Exactly as written, transcribe the data from its opening line through the line containing "[picture b1s1: schematic". Leave every picture out.

## DATA
+===+
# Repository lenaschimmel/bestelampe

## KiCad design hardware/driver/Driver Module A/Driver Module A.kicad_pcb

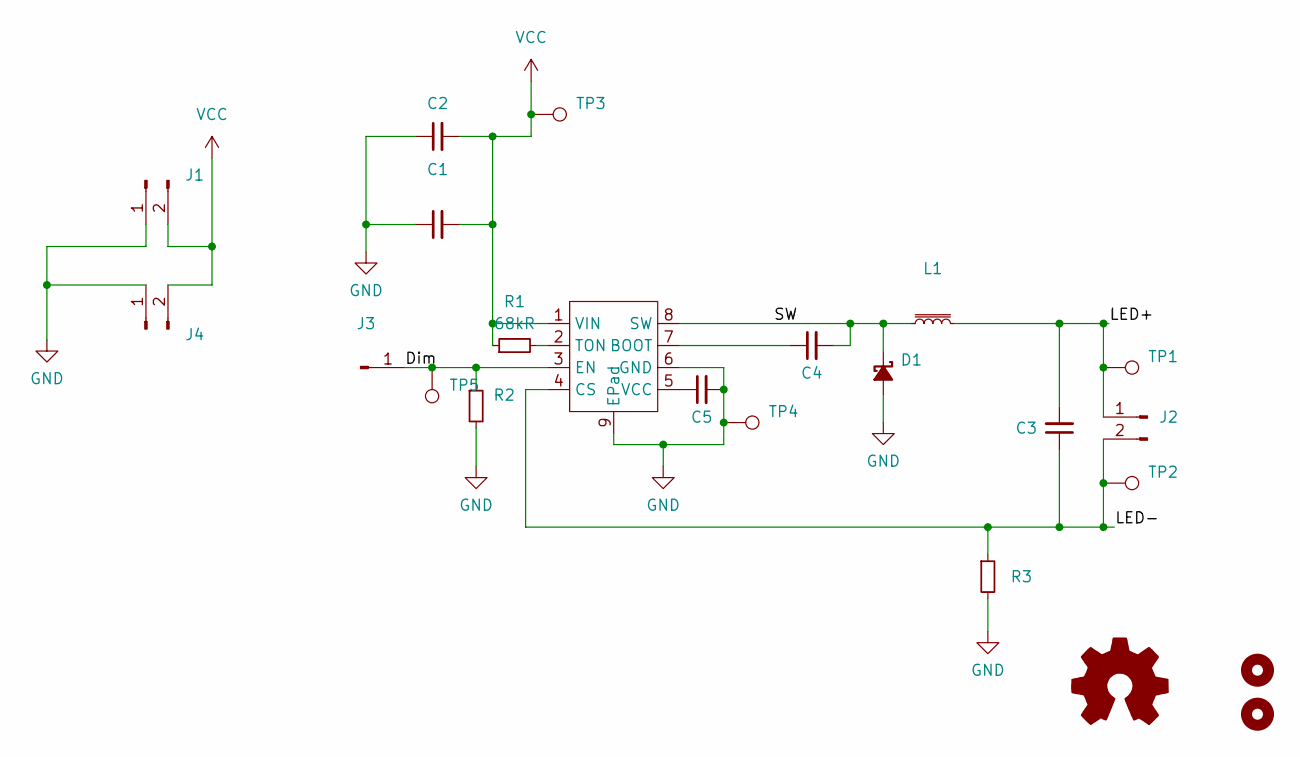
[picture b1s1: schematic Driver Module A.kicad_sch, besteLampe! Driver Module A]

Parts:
C1, C2, C4, C5: C_Small; C_1206_3216Metric
C3: 2.2uF; C_1206_3216Metric
D1: D_Schottky_Small_Filled; D_CMS04_M_FLAT
H1, H2: MountingHole; MountingHole_3.2mm_M3
J1, J2, J4: Conn_01x02_Pin; PinHeader_1x02_P2.54mm_Vertical
J3: Conn_01x01_Pin; PinHeader_1x01_P2.54mm_Vertical
L1: 10uH; L_Sumida_CDRH127
R1: 68kR; R_0805_2012Metric
R2: 10kR; R_0805_2012Metric
R3: R_Small; R_1206_3216Metric
TP1, TP2, TP3, TP4, TP5: TestPoint; TestPoint_THTPad_D1.5mm_Drill0.7mm
U1: SOIC-8-1EP_3.9x4.9mm_P1.27mm_EP2.41x3.3mm

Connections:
/Dim: J3.1, R2.1, TP5.1, U1.3 (EN)
/LED+: C3.2, J2.1, L1.2, TP1.1
/LED-: C3.1, J2.2, R3.1, TP2.1, U1.4 (CS)
/SW: C4.2, D1.1 (K), L1.1, U1.8 (SW)
GND: C1.1, C2.1, C5.2, D1.2 (A), J1.1, J4.1, R2.2, R3.2, TP4.1, U1.6 (GND), U1.9 (EPad)
unnamed: C4.1, U1.7 (BOOT)
unnamed: R1.2, U1.2 (TON)
unnamed: C5.1, U1.5 (VCC)
VCC: C1.2, C2.2, J1.2, J4.2, R1.1, TP3.1, U1.1 (VIN)

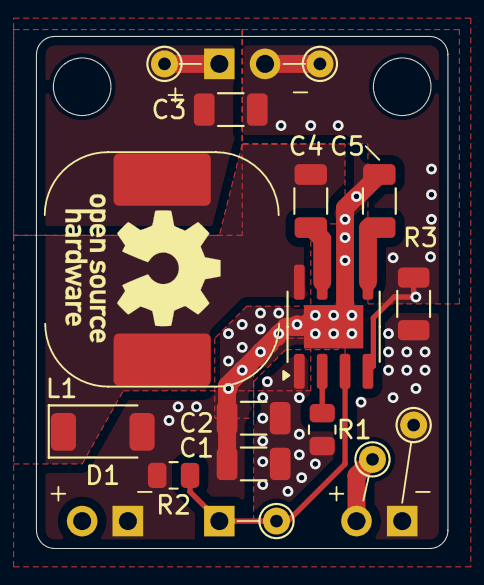
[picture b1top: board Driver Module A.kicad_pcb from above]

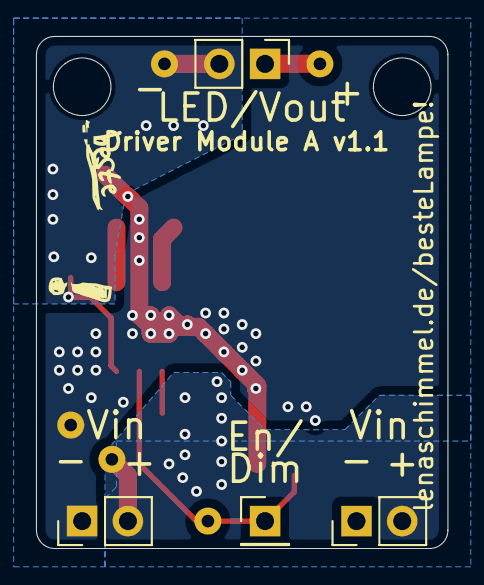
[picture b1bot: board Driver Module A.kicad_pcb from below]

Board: 2 copper layers, 22.9 x 28.4 mm, 22 parts (4 on the bottom side), 9 nets.

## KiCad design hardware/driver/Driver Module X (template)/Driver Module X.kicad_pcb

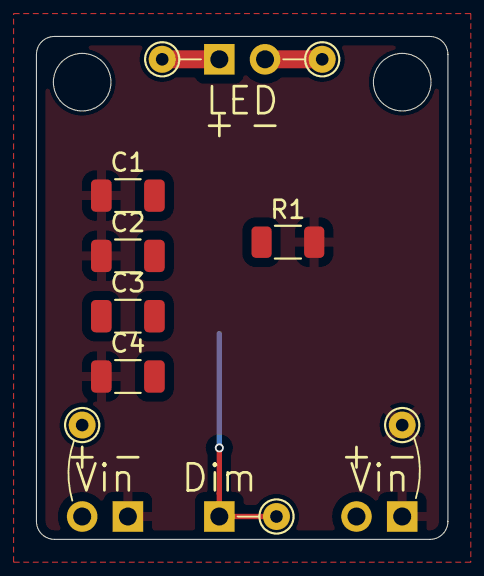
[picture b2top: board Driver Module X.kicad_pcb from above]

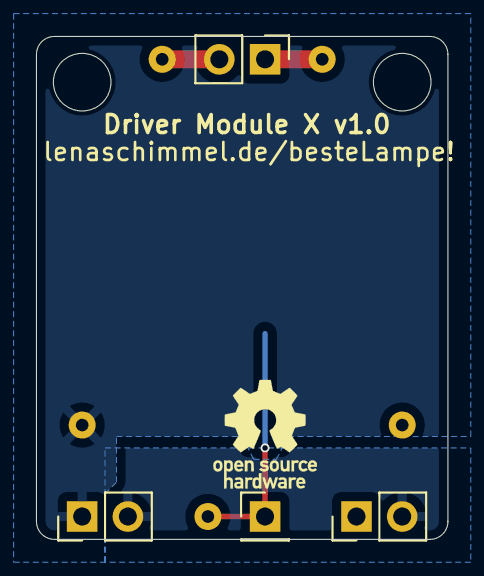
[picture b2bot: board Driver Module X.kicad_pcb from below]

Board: 2 copper layers, 22.9 x 27.9 mm, 16 parts (4 on the bottom side), 5 nets.

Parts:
C1, C2, C3, C4: C_Small; C_1206_3216Metric
H1, H2: MountingHole; MountingHole_3.2mm_M3
J1, J2, J4: Conn_01x02_Pin; PinHeader_1x02_P2.54mm_Vertical
J3: Conn_01x01_Pin; PinHeader_1x01_P2.54mm_Vertical
R1: R_Small; R_1206_3216Metric
TP1, TP2, TP3, TP4, TP5: TestPoint; TestPoint_THTPad_D1.5mm_Drill0.7mm

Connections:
/Dim: J3.1, TP5.1
/LED+: C4.2, J2.1, TP1.1
/LED-: J2.2, R1.1, TP2.1
GND: C1.1, C2.1, C4.1, J1.1, J4.1, R1.2, TP4.1
VCC: C1.2, C2.2, J1.2, J4.2, TP3.1

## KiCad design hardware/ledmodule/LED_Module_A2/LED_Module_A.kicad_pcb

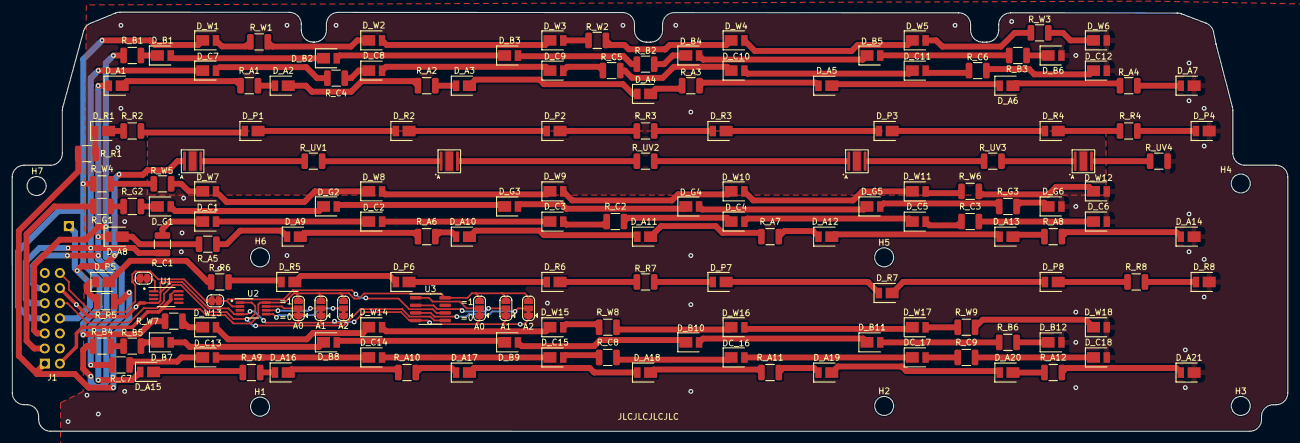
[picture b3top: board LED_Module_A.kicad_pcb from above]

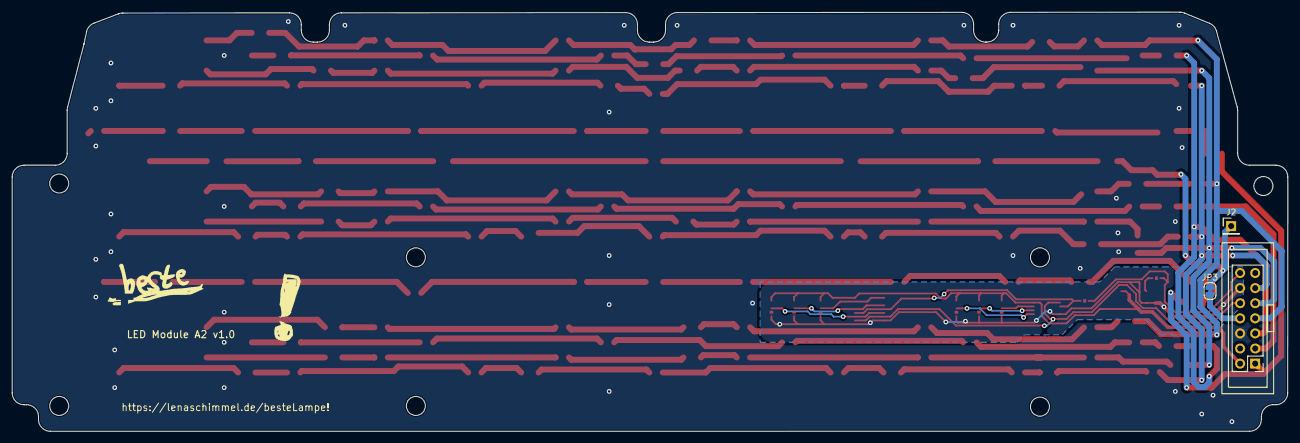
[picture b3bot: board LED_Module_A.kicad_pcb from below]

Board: 2 copper layers, 214.6 x 70.5 mm, 167 parts (3 on the bottom side), 153 nets.

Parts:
A0, A0b1, A1, A1b1, A2, A2b1: Jumper_3_Bridged12; SolderJumper-3_P1.3mm_Bridged12_RoundedPad1.0x1.5mm
DC_16, DC_17: Cold White; LED_2835_CREE_JSE28L3E5
D_A1, D_A2, D_A3, D_A4, D_A5, D_A6, D_A7, D_A8, D_A9, D_A10, D_A11, D_A12, D_A13, D_A14, D_A15, D_A16, D_A17, D_A18, D_A19, D_A20, D_A21: Amber; LED_2835_CREE_JSE28L3E5_Big_Anode
D_B1, D_B2, D_B3, D_B4, D_B5, D_B6, D_B7, D_B8, D_B9, D_B10, D_B11, D_B12: Royal Blue; LED_2835_CREE_JSE28L3E5
D_C1, D_C2, D_C3, D_C4, D_C5, D_C6, D_C7, D_C8, D_C9, D_C10, D_C11, D_C12, D_C13, D_C14, D_C15, D_C18: Cold White; LED_2835_CREE_JSE28L3E5
D_G1, D_G2, D_G3, D_G4, D_G5, D_G6: Green; LED_2835_CREE_JSE28L3E5
D_P1, D_P2, D_P3, D_P4, D_P5, D_P6, D_P7, D_P8: Photo Red; LED_2835_CREE_JSE28L3E5_Big_Anode
D_R1, D_R2, D_R3, D_R4, D_R5, D_R6, D_R7, D_R8: Red; LED_2835_CREE_JSE28L3E5_Big_Anode
D_UV1, D_UV2, D_UV3, D_UV4: Ultra Violet; Luminous Devices A130 Package
D_W1, D_W2, D_W3, D_W4, D_W5, D_W6, D_W7, D_W8, D_W9, D_W10, D_W11, D_W12, D_W13, D_W14, D_W15, D_W16, D_W17, D_W18: Warm White; LED_2835_CREE_JSE28L3E5
H1, H2, H3, H4, H5, H6, H7: MountingHole; MountingHole_3.2mm_M3
J1: Connector Header Surface Mount, Right Angle 14 po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; PinHeader_2x07_P2.54mm_Vertical_Boxed
J2: Conn_01x01; PinHeader_1x01_P2.54mm_Vertical
JP1, JP2, JP3: Jumper_2_Bridged; SolderJumper-2_P1.3mm_Bridged_RoundedPad1.0x1.5mm
R_A1, R_A5, R_A9: 2.2 Ohm, 0.33W, 5%, 1210 package; R_1210_3225Metric
R_A2, R_A3, R_A4, R_A6, R_A7, R_A8, R_A10, R_A11, R_A12: 18 Ohm, 0.5W, 1%, 1210 package; R_1210_3225Metric
R_B1, R_B2, R_B3, R_B4, R_B5, R_B6: 15 Ohm, 0.5W, 1%, 1210 package; R_1210_3225Metric
R_C1, R_C2, R_C3, R_C4, R_C5, R_C6, R_C7, R_C8, R_C9: 18 Ohm, 0.5W, 1%, 1210 package; R_1210_3225Metric
R_G1, R_G2, R_G3: 18 Ohm, 0.5W, 1%, 1210 package; R_1210_3225Metric
R_R1, R_R5: 4.7 Ohm, 0.33W, 5%, 1210 package; R_1210_3225Metric
R_R2, R_R3, R_R4, R_R6, R_R7, R_R8: 15 Ohm, 0.5W, 1%, 1210 package; R_1210_3225Metric
R_UV1, R_UV2, R_UV3, R_UV4: 4.7 Ohm, 0.33W, 5%, 1210 package; R_1210_3225Metric
R_W1, R_W2, R_W3, R_W4, R_W5, R_W6, R_W7, R_W8, R_W9: 18 Ohm, 0.5W, 1%, 1210 package; R_1210_3225Metric
U1: DS18B20U+; MSOP-8_3x3mm_P0.65mm
U2: TMP1075DGK; VSSOP-8_3.0x3.0mm_P0.65mm
U3: 24AA02-OT; SOIC-8_3.9x4.9mm_P1.27mm

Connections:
+3V3: A0.3 (B), A0b1.3 (B), A1.3 (B), A1b1.3 (B), A2.3 (B), A2b1.3 (B), J1.2, U1.8 (V_{DD}), U2.8 (V+), U3.8 (V_{CC})
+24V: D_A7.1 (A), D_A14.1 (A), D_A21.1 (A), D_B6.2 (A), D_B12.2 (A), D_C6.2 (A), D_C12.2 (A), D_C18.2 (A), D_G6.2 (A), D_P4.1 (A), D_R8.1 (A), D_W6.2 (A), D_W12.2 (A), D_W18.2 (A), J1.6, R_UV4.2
+===+
## OUTPUT FOR THIS TASK
# Repository lenaschimmel/bestelampe

## KiCad design hardware/driver/Driver Module A/Driver Module A.kicad_pcb

[picture b1s1: schematic Driver Module A.kicad_sch, besteLampe! Driver Module A]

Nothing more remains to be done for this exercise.